燕飞迎上他的目光,道:“你装死怎行呢?万一明瑶把宝卷烧掉以祭你的亡魂,岂非弄巧反拙?”
向雨田冷笑道:“宝卷关系重大,她怎舍得烧掉?我死又如何呢?她绝不会掉半滴眼泪。”
燕飞讶道:“你似乎对明瑶非常不满。”
向雨田默然片刻,轻轻的问道:“告诉我!你和先师是甚么关系?明瑶是否晓得你和先师的关系?”
燕飞知道无法瞒过他,叹道:“你不可待到明晚决战再问吗?”
向雨田道:“你不说出来,我也猜到了。只有在一个情况下,你和拓跋珪才可参加我们的狂欢节,就是先师向族长提出要求,而这要求必须合情合理,且能打动族主,原因是你老哥就是先师的亲儿,这也解释了为何你想知道先师的长相。明瑶是晓得此事的人,否则在长安不杀掉你才怪。告诉我,你怎会懂得秘语呢?”

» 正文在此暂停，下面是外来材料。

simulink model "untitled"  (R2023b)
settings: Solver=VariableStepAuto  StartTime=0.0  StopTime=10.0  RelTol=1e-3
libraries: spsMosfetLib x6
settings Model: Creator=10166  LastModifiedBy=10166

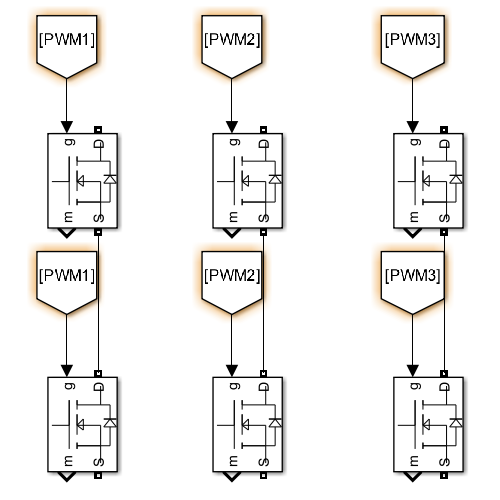
[thumbnail: Simulink's stored preview of the top-level diagram]
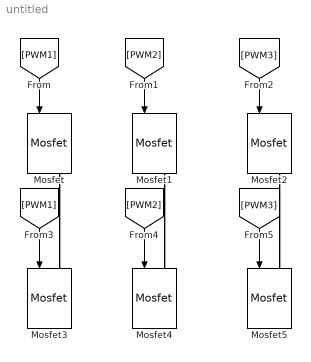
== system untitled ==
  Mosfet{,1..5} (6 alike) : spsMosfetLib/Mosfet  Ron=0.1  Lon=0  Rd=0.01  Vfd=0  IC=0  Rs=1e5  Cs=inf  Measurements=on
  wires:
  [PWM1] -> Mosfet/1
  [PWM2] -> Mosfet1/1
  [PWM3] -> Mosfet2/1
  [PWM1] -> Mosfet3/1
  [PWM2] -> Mosfet4/1
  [PWM3] -> Mosfet5/1
  connections:
  Mosfet/RConn1 -- Mosfet3/LConn1
  Mosfet1/RConn1 -- Mosfet4/LConn1
  Mosfet2/RConn1 -- Mosfet5/LConn1
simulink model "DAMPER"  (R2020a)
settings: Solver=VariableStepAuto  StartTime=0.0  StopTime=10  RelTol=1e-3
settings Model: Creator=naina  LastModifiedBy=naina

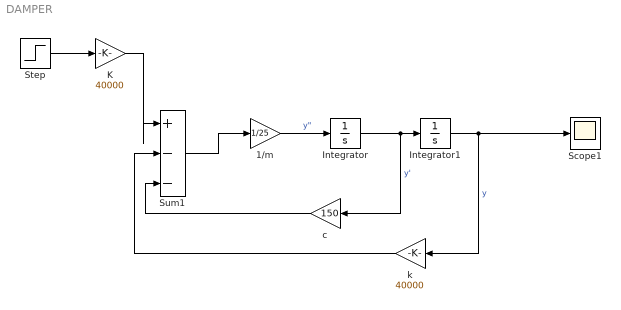
== system DAMPER ==
  1/m : Gain  Gain=1/25
  Integrator : Integrator
  Integrator1 : Integrator
  K : Gain  Gain=40000
  Scope1 : Scope
  Step : Step  SampleTime=0
  Sum1 : Sum  Inputs=|+--
  c : Gain  Gain=150
  k : Gain  Gain=40000
  wires:
  Integrator/1 -> c/1, Integrator1/1  "y'"
  Integrator1/1 -> k/1, Scope1/1  "y"
  1/m/1 -> Integrator/1  "y\""
  Sum1/1 -> 1/m/1
  Step/1 -> K/1
  K/1 -> Sum1/1
  c/1 -> Sum1/3
  k/1 -> Sum1/2
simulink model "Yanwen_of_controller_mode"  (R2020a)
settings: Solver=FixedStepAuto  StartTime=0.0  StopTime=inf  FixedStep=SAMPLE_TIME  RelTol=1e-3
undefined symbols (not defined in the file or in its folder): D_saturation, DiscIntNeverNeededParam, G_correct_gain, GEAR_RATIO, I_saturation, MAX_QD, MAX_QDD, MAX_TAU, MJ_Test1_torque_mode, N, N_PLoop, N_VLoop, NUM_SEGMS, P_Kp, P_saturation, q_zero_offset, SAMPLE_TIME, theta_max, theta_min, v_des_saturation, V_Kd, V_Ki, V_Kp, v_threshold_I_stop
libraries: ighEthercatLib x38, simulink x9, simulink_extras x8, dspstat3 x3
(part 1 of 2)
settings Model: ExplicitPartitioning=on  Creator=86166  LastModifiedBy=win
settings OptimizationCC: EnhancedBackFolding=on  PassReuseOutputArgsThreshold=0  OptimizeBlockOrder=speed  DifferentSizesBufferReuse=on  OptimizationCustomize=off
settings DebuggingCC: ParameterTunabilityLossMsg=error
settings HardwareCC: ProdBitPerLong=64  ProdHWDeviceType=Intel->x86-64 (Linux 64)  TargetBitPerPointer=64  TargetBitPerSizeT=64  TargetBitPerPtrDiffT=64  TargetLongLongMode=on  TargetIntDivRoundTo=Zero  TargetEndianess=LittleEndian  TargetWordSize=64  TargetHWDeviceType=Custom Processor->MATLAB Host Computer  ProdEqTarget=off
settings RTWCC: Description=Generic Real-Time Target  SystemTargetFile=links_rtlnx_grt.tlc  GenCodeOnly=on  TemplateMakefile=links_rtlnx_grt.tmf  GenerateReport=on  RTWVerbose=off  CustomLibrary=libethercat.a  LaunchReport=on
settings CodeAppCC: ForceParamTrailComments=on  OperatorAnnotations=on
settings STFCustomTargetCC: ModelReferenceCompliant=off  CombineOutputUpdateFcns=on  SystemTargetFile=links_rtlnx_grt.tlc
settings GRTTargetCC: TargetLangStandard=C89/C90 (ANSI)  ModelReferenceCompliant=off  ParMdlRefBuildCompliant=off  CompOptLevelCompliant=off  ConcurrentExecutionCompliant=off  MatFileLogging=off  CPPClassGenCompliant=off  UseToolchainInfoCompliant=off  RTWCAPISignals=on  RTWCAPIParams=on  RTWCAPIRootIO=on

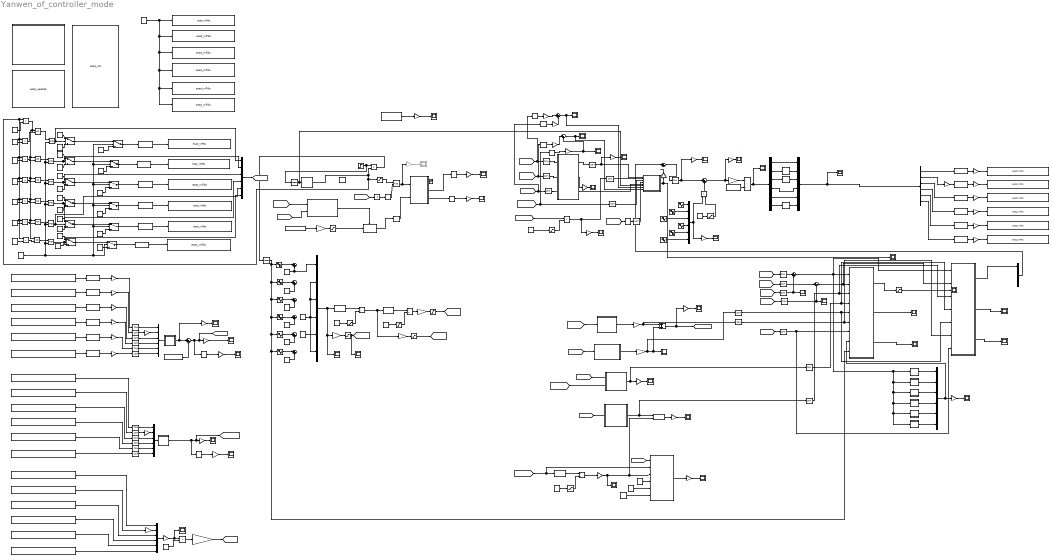
== system Yanwen_of_controller_mode ==
  note: 嵌套双环控制模块
  note: 8是位置模式，9是速度模式，10是力矩模式
  note: 关节使能之后才能启动轨迹规划
  note: 轨迹规划模块
  note: 编码器零位偏移量
  note: 模型识别变量模块
  note: 15是使能，6是去使能，128是驱动器初始化
  note: 连杆端的力矩值
  note: 使能控制
  note: 动力学模型计算模块
  note: 当前速度为零并且回到初始位置才能更新目标点
  note: 如果做数值仿真，则将阶跃信号替换sim_Step
  note: 模型初始化配置
  note: tau是连杆端力矩N.m，电机力矩输入单位是mN.m
  note: 所有的角度计算是基于弧度rad
  note: 滤波要用
  1dof_controller : MATLAB Function  TreatAsAtomicUnit=on
  Add2 : Sum
  C : Scope
  C_tau : Gain
  Compare To Zero : simulink/Logic and Bit Operations/Compare To Zero  relop=>  OutDataTypeStr=boolean
  Constant : Constant  Value=10
  Constant1 : Constant  Value=SAMPLE_TIME  SampleTime=SAMPLE_TIME
  Constant10 : Constant  Value=MJ_Test1_torque_mode
  Constant11 : Constant  Value=0
  Constant{12..13,17..21} (7 alike) : Constant  Value=6
  Constant{14..16,22..24} (6 alike) : Constant  Value=15
  Constant2 : Constant  Value=SAMPLE_TIME  SampleTime=SAMPLE_TIME
  Constant25 : Constant  Value=86  SampleTime=-1
  Constant26 : Constant  Value=4  SampleTime=-1
  Constant27 : Constant  Value=-5
  Constant28 : Constant  Value=10
  Constant29 : Constant  Value=0
  Constant3 : Constant  Value=0.001
  Constant30 : Constant  Value=90
  Constant33 : Constant  Value=SAMPLE_TIME  SampleTime=SAMPLE_TIME
  Constant{4..9} (6 alike) : Constant  Value=128
  Data Type Conversion{1,3..7,13..17,19} (12 alike) : DataTypeConversion  OutDataTypeStr=double
  Data Type Conversion{2,8..12} (6 alike) : DataTypeConversion  OutDataTypeStr=int32
  Demux : Demux  Outputs=6
  Demux2 : Demux  Outputs=6
  Difference : simulink/Discrete/Difference  ICPrevInput=zeros(1,6)  OutMin=[]  OutMax=[]  OutDataType=fixdt(1, 16)  OutScaling=2^-10  DoSatur=off
  Difference1 : simulink/Discrete/Difference  ICPrevInput=zeros(1,6)  OutMin=[]  OutMax=[]  OutDataType=fixdt(1, 16)  OutScaling=2^-10  DoSatur=off
  Difference2 : simulink/Discrete/Difference  ICPrevInput=zeros(1,6)  OutMin=[]  OutMax=[]  OutDataType=fixdt(1, 16)  OutScaling=2^-10  DoSatur=off
  Discrete-Time Integrator : DiscreteIntegrator  SampleTime=-1  ICPrevOutput=DiscIntNeverNeededParam  ICPrevScaledInput=DiscIntNeverNeededParam
  Discrete-Time Integrator1 : DiscreteIntegrator  SampleTime=-1  ICPrevOutput=DiscIntNeverNeededParam  ICPrevScaledInput=DiscIntNeverNeededParam
  Divide : Product  Inputs=*/  OutDataTypeStr=double
  Divide1 : Product  Inputs=*/
  Divide2 : Product  Inputs=*/
  Divide3 : Product  Inputs=*/
  Enabled Subsystem1 : Subsystem  TreatAsAtomicUnit=on
  G : Scope
  G_and_fric : Gain
  G_correct_gain : Gain  Gain=G_correct_gain
  Gain : Gain
  Gain{10..14,16} (6 alike) : Gain  OutDataTypeStr=Inherit: Same as input  ParamDataTypeStr=Inherit: Same as input
  JOINT2 Average1 : dspstat3/Moving Average  Method=Sliding window  ForgettingFactorPort=off  SpecifyWindowLength=on  WindowLength=2  ForgettingFactor=0.9  SimulateUsing=Code generation
  JOINT3 Average : dspstat3/Moving Average  Method=Sliding window  ForgettingFactorPort=off  SpecifyWindowLength=on  WindowLength=2  ForgettingFactor=0.9  SimulateUsing=Code generation
  JOINT3 Average1 : dspstat3/Moving Average  Method=Sliding window  ForgettingFactorPort=off  SpecifyWindowLength=on  WindowLength=3  ForgettingFactor=0.9  SimulateUsing=Code generation
  Kff_coef : Constant
  Logical Operator{,1..5} (6 alike) : Logic  Operator=OR  AllPortsSameDT=off  OutDataTypeStr=boolean
  Logical Operator{6..12} (7 alike) : Logic  AllPortsSameDT=off  OutDataTypeStr=boolean
  Logical Operator13 : Logic  Operator=NOT  AllPortsSameDT=off  OutDataTypeStr=boolean
  M*qdd : Gain
  M*qdd+C+G : Gain
  MJ_G_compen : MATLAB Function  TreatAsAtomicUnit=on  SystemSampleTime=SAMPLE_TIME
  MJ_M_matic : MATLAB Function  TreatAsAtomicUnit=on
  MJ_TAU : MATLAB Function  TreatAsAtomicUnit=on  SystemSampleTime=SAMPLE_TIME
  MJ_Traj2 : Subsystem
  MJ_V_compen : MATLAB Function  TreatAsAtomicUnit=on  SystemSampleTime=SAMPLE_TIME
  MJ_frict_compen1 : MATLAB Function  TreatAsAtomicUnit=on  SystemSampleTime=SAMPLE_TIME
  Memory : Memory  InitialCondition=zeros(1,6)  InheritSampleTime=on
  Memory1 : Memory  InitialCondition=[0, 0, 0, 0, 90, 0]  InheritSampleTime=on
  Model Source : Subsystem  mask(Model Source){ShowInLibBrowser=0}
      mask prompts: ShowInLibBrowser "Simulink:masks:CustCodeMaskParam1_MP"
      settings: CopyFcn=cccopyfcn(gcb)  OpenFcn=ccopenfcn('Model Source')
      mask Help: eval('feval(''rtwprivate'',''rtwhelpview'',''rtw_model_source_block'')');
      mask Display: disp('Model\nSource');
  Mux{,1..8} (9 alike) : Mux  Inputs=6
  PID_gain : Gain
  P_loop : Subsystem
  Product : Product  Multiplication=Matrix(*)
  Product{1..10} (10 alike) : Product
  Radians to Degrees{,1..7} (8 alike) : simulink_extras/Transformations/Radians to Degrees
  S-Function : ighEthercatLib/ecat_init  Priority=-100  icdFile=D:\RTLnxTest_Virtual\cooldriver_xpc.xml  domain_regs=|  pdo_entriesList=|  pdosList=|  slave_syncsList=|  vendor=1864  productCode=1  slaveCnt=6  dc=on  assign_activate=hex2dec('0x300')  sync0_cycle_time=1000000  sync0_shift_time=500000  sync1_cycle_time=0  sync1_shift_time=0  sampleTime=-1
      domain_regs=|
      | {{0,0,1864,1,0x6040,0,&g_processData[0]},
      | {0,0,1864,1,0x607a,0,&g_processData[1]},
      | {0,0,1864,1,0x60ff,0,&g_processData[2]},
      | {0,0,1864,1,0x6071,0,&g_processData[3]},
      | {0,0,1864,1,0x6060,0,&g_processData[4]},
      | {0,0,1864,1,0x5ffe,0,&g_processData[5]},
      | {0,0,1864,1,0x60b8,0,&g_processData[6]},
      | {0,0,1864,1,0x60b0,0,&g_processData[7]},
      | {0,0,1864,1,0x60b1,0,&g_processData[8]},
      | {0,0,1864,1,0x60b2,0,&g_processData[9]},
      | {0,0,1864,1,0x6041,0,&g_processData[10]},
      | {0,0,1864,1,0x6064,0,&g_processData[11]},
      | {0,0,1864,1,0x606c,0,&g_processData[12]},
      | {0,0,1864,1,0x6077,0,&g_processData[13]},
      | {0,0,1864,1,0x6061,0,&g_processData[14]},
      | {0,0,1864,1,0x5fff,0,&g_processData[15]},
      | {0,0,1864,1,0x60f4,0,&g_processData[16]},
      | {0,0,1864,1,0x60fd,0,&g_processData[17]},
      | {0,0,1864,1,0x60b9,0,&g_processData[18]},
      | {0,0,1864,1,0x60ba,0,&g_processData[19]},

燕飞苦笑道:“知道我是谁对你并没有好处,明晚你还如何全力出手?”
向雨田哑然笑道:“燕飞你是否想气死我呢?口口声声着我全力出手,一副稳胜我的样子,你真的那么有把握吗?我有一套借伤催发潜力的奇功,一怒之下说不定会与你拼个同归于尽,我才不信你分开变成两截后仍可复活过来,要我全力出手,对你有甚么好处?我们若一起死掉,只会正中明瑶下怀。”
燕飞淡淡道:“你会这么做吗?”
向雨田颓然道:“当然不会,我岂是意气用事的傻瓜?又给你看穿了。”
燕飞目光移往对岸,道:“明瑶对你是因爱成恨,可是我和她是在和平的气氛下分手,她为何恨我呢?”